_Given records_
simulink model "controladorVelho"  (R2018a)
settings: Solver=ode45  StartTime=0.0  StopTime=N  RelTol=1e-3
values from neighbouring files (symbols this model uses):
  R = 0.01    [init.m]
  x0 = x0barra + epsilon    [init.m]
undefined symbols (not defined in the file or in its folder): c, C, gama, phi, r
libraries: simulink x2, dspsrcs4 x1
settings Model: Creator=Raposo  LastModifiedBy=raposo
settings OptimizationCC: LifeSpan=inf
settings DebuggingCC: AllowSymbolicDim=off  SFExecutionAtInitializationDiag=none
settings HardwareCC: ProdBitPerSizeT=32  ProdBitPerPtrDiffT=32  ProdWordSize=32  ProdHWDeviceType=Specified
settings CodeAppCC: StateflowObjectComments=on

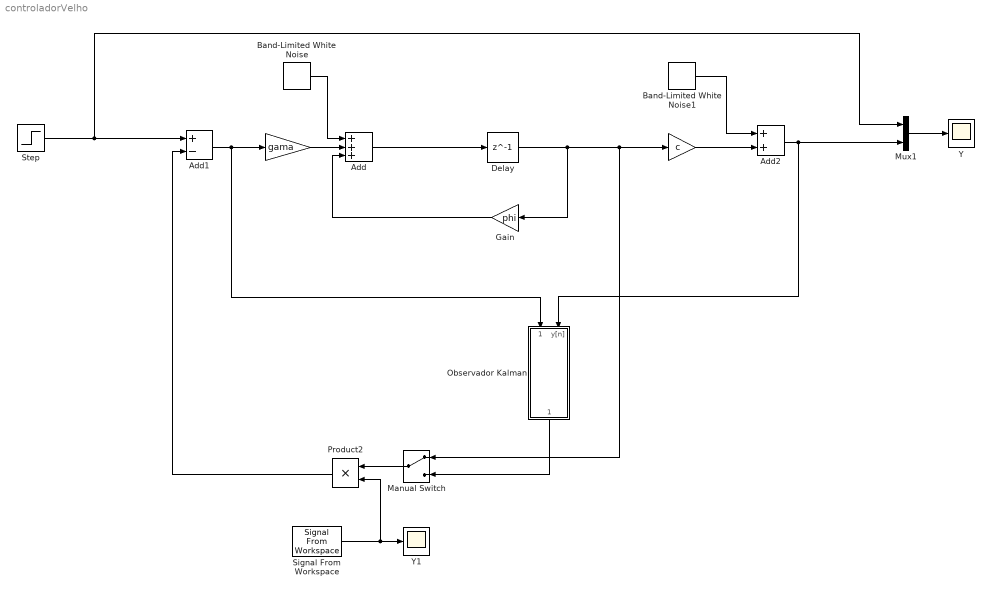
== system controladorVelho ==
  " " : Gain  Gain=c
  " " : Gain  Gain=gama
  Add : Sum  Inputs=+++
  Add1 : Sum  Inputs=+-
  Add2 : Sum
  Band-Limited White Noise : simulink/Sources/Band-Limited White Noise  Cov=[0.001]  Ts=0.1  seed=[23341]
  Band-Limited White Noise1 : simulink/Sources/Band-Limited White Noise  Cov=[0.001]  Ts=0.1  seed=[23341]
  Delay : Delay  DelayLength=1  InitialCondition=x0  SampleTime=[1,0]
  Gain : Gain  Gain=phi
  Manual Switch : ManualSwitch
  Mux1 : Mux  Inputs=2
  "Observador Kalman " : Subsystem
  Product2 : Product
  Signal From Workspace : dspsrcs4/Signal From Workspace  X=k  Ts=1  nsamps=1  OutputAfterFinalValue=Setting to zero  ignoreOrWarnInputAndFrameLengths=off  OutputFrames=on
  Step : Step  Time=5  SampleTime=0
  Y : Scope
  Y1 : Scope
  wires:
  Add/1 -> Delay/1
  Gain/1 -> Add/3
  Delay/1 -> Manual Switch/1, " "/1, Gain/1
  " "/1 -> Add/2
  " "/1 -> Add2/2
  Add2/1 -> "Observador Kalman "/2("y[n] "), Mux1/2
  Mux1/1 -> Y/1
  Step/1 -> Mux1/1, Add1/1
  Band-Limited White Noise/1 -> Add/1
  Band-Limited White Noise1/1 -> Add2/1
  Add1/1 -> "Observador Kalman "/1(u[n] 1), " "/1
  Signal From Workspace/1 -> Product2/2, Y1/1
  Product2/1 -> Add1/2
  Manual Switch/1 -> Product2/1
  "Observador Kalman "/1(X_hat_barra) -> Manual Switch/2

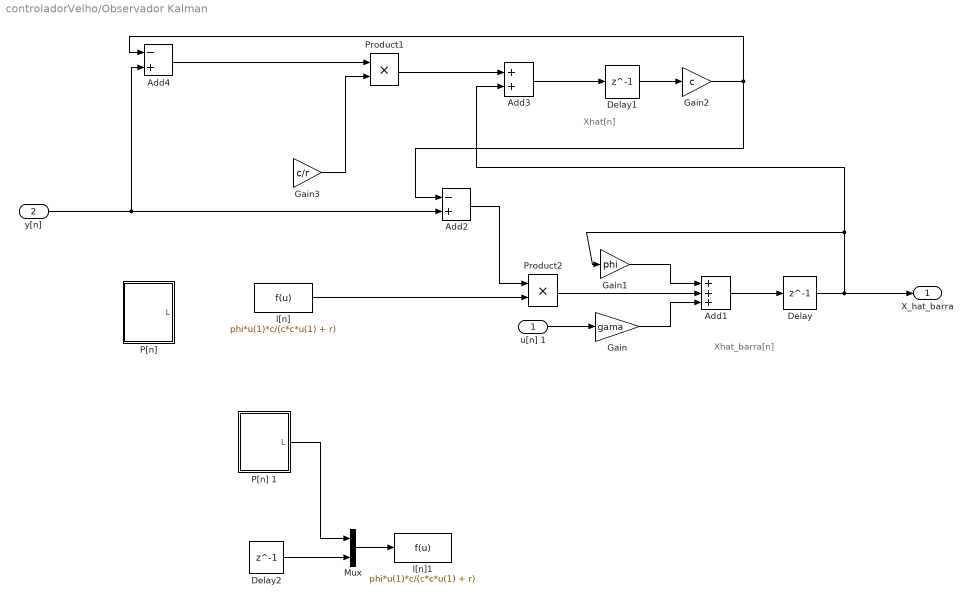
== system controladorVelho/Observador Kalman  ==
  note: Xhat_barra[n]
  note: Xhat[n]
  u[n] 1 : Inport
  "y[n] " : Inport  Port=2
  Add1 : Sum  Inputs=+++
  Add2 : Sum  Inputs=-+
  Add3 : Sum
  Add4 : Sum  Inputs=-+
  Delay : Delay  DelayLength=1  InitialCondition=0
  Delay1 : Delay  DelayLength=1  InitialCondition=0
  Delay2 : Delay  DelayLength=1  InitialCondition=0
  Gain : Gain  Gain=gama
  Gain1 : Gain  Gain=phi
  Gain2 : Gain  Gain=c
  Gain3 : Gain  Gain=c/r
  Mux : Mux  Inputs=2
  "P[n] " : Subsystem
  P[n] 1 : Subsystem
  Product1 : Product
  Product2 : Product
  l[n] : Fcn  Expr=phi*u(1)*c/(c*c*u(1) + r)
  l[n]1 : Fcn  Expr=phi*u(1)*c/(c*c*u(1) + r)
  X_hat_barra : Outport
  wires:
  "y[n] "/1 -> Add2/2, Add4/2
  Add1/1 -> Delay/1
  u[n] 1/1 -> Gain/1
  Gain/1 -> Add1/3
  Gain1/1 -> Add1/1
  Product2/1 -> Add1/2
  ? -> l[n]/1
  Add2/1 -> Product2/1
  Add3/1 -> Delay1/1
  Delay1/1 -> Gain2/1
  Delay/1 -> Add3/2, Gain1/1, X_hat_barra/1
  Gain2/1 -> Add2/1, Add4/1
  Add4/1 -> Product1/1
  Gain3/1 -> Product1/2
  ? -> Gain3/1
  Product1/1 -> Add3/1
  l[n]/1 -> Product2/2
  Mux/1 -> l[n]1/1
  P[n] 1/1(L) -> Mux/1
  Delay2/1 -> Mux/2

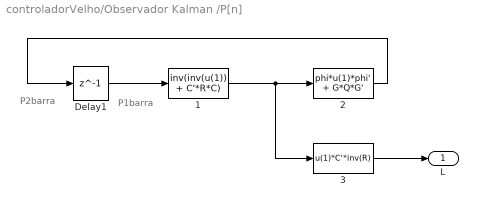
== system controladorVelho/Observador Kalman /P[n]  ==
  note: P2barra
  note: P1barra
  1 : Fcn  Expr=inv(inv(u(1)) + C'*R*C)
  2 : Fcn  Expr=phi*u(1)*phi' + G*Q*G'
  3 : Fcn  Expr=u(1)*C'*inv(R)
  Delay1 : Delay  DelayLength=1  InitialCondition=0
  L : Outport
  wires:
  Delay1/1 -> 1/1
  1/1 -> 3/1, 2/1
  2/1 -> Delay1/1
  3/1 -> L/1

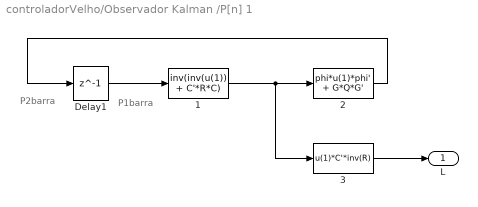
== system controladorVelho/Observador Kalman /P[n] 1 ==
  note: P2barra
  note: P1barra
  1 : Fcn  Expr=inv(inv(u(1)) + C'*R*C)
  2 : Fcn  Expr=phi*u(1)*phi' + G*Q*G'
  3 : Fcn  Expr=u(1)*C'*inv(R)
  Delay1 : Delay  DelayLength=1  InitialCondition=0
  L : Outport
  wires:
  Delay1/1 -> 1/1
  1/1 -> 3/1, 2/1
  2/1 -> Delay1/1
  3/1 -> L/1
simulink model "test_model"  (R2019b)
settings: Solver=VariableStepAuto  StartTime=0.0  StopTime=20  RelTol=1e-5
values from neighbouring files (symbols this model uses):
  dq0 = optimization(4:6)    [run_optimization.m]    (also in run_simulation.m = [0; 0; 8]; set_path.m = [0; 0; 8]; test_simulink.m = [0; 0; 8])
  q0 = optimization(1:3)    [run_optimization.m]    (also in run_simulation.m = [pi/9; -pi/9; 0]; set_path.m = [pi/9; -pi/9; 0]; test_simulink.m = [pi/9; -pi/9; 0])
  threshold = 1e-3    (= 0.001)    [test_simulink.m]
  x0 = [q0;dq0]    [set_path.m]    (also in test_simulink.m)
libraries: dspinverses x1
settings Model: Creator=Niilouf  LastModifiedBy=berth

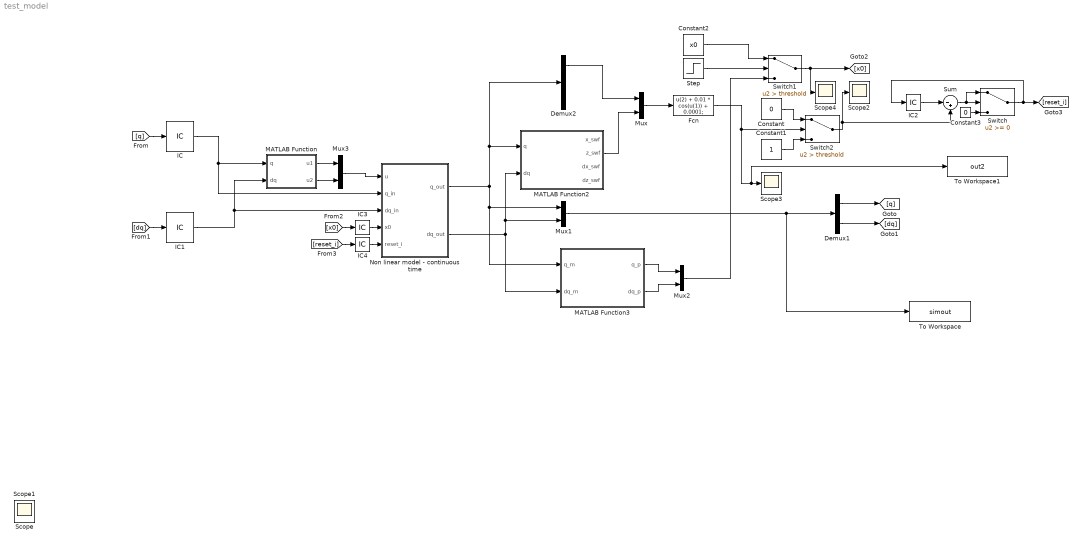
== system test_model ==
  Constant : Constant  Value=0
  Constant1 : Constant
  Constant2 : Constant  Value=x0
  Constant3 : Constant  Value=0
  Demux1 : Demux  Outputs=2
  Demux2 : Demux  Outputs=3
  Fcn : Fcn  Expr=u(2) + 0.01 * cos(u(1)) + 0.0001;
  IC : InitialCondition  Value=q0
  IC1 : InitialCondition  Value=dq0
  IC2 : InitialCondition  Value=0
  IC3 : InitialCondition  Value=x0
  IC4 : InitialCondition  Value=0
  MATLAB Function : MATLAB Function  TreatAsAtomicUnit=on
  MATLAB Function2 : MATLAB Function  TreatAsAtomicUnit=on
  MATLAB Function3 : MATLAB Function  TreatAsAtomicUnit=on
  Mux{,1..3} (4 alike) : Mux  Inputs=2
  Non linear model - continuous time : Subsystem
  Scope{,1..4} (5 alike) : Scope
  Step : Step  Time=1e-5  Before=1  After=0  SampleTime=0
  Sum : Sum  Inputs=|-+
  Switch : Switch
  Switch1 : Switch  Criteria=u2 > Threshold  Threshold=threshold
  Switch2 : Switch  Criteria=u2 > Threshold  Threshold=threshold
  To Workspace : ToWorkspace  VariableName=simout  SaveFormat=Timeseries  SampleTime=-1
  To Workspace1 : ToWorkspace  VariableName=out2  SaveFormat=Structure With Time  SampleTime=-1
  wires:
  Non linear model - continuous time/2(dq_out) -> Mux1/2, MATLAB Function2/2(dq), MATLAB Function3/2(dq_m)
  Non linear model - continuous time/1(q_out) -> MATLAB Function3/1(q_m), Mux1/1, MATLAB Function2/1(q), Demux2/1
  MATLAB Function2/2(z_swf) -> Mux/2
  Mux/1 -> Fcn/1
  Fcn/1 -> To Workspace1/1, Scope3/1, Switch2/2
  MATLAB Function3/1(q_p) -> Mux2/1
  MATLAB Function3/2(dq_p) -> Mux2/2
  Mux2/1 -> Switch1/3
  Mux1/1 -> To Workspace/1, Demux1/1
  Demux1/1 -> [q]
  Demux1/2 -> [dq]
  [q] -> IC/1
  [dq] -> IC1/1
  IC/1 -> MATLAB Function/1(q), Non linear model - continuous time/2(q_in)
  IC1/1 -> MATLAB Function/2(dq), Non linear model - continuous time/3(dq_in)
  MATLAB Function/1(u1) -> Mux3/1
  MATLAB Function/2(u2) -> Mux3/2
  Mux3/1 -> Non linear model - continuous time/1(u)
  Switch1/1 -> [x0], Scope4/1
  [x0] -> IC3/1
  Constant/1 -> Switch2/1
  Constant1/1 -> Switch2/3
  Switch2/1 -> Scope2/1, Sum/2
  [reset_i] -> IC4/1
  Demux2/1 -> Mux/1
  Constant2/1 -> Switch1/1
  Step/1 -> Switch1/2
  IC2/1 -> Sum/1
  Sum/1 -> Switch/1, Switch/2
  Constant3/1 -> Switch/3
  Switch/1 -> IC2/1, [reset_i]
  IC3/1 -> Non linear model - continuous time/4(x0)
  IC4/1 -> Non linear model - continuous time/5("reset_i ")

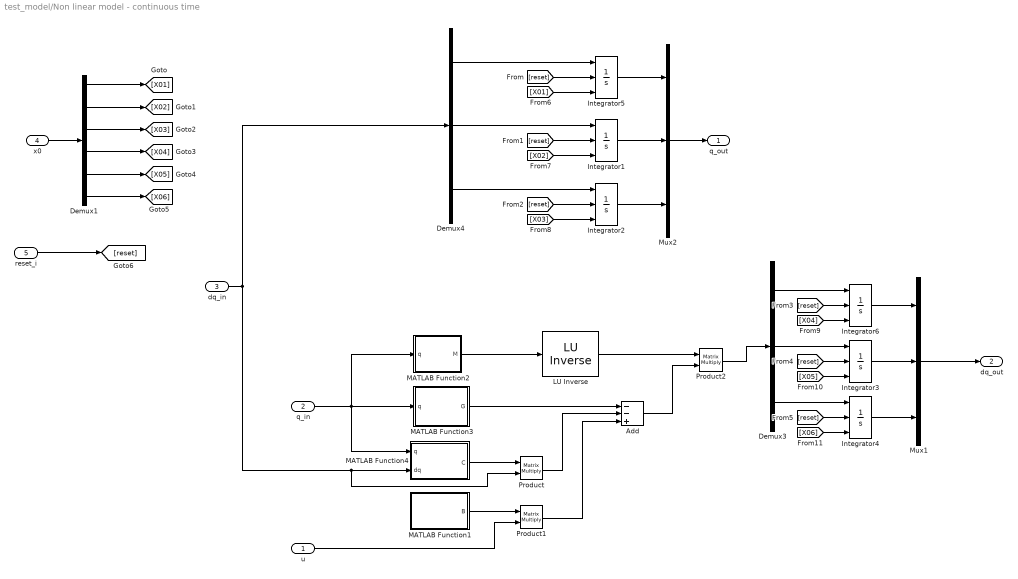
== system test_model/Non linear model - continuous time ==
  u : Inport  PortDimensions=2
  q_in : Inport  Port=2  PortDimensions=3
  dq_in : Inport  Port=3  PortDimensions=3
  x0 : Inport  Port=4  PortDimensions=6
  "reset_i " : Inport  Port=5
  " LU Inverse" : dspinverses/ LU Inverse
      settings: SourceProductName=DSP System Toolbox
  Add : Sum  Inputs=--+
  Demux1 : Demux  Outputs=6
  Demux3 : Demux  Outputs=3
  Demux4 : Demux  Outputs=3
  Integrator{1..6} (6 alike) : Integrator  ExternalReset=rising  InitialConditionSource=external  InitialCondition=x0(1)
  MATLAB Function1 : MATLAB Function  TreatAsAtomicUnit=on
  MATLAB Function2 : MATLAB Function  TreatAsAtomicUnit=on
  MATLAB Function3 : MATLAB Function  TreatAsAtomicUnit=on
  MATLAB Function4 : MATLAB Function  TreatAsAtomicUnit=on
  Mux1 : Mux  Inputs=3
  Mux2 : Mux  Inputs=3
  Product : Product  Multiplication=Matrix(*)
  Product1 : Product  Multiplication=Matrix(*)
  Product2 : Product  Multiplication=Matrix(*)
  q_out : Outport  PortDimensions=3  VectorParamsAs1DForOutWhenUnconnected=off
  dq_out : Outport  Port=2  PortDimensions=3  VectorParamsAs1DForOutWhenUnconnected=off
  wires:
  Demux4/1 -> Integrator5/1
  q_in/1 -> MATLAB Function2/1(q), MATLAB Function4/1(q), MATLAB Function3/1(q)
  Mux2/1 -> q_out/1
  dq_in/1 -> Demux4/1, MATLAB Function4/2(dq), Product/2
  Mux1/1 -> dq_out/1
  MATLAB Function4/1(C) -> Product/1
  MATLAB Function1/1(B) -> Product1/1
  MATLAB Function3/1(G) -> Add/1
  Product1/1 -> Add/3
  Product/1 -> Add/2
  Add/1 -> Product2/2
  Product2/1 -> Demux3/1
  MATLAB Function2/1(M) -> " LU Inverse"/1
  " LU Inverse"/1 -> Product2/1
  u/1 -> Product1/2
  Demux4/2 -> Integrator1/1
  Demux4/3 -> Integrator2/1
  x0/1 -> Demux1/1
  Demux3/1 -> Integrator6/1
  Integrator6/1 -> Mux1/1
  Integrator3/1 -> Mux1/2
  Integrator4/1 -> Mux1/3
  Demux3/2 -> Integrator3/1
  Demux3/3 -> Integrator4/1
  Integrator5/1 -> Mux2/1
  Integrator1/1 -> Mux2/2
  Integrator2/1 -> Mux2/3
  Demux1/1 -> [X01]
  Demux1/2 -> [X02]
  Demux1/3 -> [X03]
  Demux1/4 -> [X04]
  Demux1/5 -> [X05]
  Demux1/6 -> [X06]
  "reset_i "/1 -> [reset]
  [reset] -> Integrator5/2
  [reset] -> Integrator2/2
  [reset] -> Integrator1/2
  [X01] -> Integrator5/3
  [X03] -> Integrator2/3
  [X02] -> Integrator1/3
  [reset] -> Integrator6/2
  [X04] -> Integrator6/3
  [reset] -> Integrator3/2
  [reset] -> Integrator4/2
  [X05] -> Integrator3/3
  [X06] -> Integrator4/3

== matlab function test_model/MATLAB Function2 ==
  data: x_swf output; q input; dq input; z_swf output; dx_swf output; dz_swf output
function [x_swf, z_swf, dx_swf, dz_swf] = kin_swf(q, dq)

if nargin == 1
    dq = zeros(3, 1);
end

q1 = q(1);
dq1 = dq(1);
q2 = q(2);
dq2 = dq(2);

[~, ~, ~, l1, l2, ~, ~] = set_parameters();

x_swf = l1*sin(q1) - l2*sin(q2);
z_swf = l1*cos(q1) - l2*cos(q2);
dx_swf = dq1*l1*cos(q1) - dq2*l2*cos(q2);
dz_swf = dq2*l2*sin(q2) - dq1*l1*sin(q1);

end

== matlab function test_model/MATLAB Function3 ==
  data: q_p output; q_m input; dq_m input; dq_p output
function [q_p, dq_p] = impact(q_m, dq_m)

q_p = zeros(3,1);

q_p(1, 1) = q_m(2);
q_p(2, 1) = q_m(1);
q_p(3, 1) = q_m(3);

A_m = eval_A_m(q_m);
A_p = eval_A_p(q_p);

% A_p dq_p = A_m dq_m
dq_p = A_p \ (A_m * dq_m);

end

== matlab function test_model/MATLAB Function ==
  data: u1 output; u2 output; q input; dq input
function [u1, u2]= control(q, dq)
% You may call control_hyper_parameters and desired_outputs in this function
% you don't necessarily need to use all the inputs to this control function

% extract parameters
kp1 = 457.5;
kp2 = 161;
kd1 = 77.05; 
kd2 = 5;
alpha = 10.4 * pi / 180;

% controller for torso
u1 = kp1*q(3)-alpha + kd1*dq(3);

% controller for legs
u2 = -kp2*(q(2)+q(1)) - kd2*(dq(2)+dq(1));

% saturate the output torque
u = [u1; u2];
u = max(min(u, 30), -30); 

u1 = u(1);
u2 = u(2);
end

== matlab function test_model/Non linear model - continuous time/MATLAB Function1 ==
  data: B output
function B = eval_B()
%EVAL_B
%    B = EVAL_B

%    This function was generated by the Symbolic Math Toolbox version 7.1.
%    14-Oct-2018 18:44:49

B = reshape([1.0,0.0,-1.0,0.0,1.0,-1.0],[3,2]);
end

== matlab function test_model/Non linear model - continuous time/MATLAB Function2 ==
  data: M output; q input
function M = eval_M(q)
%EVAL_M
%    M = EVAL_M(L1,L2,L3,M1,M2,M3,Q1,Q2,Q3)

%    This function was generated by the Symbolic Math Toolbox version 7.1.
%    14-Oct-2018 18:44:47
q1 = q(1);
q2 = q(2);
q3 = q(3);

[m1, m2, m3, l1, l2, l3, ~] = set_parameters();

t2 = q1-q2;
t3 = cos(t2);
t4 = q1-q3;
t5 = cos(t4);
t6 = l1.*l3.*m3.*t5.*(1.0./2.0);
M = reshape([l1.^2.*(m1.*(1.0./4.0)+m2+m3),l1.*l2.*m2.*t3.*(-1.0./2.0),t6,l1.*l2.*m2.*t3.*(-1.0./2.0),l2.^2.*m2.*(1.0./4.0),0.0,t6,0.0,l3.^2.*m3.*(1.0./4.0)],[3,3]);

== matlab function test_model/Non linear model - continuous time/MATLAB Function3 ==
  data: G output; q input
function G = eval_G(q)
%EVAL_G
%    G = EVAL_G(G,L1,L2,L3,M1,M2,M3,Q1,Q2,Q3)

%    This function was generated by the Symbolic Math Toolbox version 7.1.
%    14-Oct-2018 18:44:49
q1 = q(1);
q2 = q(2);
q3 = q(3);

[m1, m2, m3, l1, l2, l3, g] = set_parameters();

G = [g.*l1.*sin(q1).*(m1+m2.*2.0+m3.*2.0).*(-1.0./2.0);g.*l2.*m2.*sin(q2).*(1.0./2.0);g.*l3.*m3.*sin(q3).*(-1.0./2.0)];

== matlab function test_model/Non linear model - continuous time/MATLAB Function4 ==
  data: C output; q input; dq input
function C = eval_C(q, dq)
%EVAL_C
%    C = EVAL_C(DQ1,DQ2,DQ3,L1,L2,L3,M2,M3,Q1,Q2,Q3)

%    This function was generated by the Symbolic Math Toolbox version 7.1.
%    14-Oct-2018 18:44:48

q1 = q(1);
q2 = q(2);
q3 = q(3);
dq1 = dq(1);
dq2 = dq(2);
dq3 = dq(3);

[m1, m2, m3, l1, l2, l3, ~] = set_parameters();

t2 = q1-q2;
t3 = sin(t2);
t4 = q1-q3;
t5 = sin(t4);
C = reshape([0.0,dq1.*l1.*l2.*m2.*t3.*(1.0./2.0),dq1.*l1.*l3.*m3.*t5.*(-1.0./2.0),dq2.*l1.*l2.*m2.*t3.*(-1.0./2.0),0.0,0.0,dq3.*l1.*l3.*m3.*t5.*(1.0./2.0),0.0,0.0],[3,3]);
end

_Required work_
Beginning at the line that contains "t5 = sin(t4);" and ending at the last line above, copy each line without any change.

_Exercise output_
t5 = sin(t4);
C = reshape([0.0,dq1.*l1.*l2.*m2.*t3.*(1.0./2.0),dq1.*l1.*l3.*m3.*t5.*(-1.0./2.0),dq2.*l1.*l2.*m2.*t3.*(-1.0./2.0),0.0,0.0,dq3.*l1.*l3.*m3.*t5.*(1.0./2.0),0.0,0.0],[3,3]);
end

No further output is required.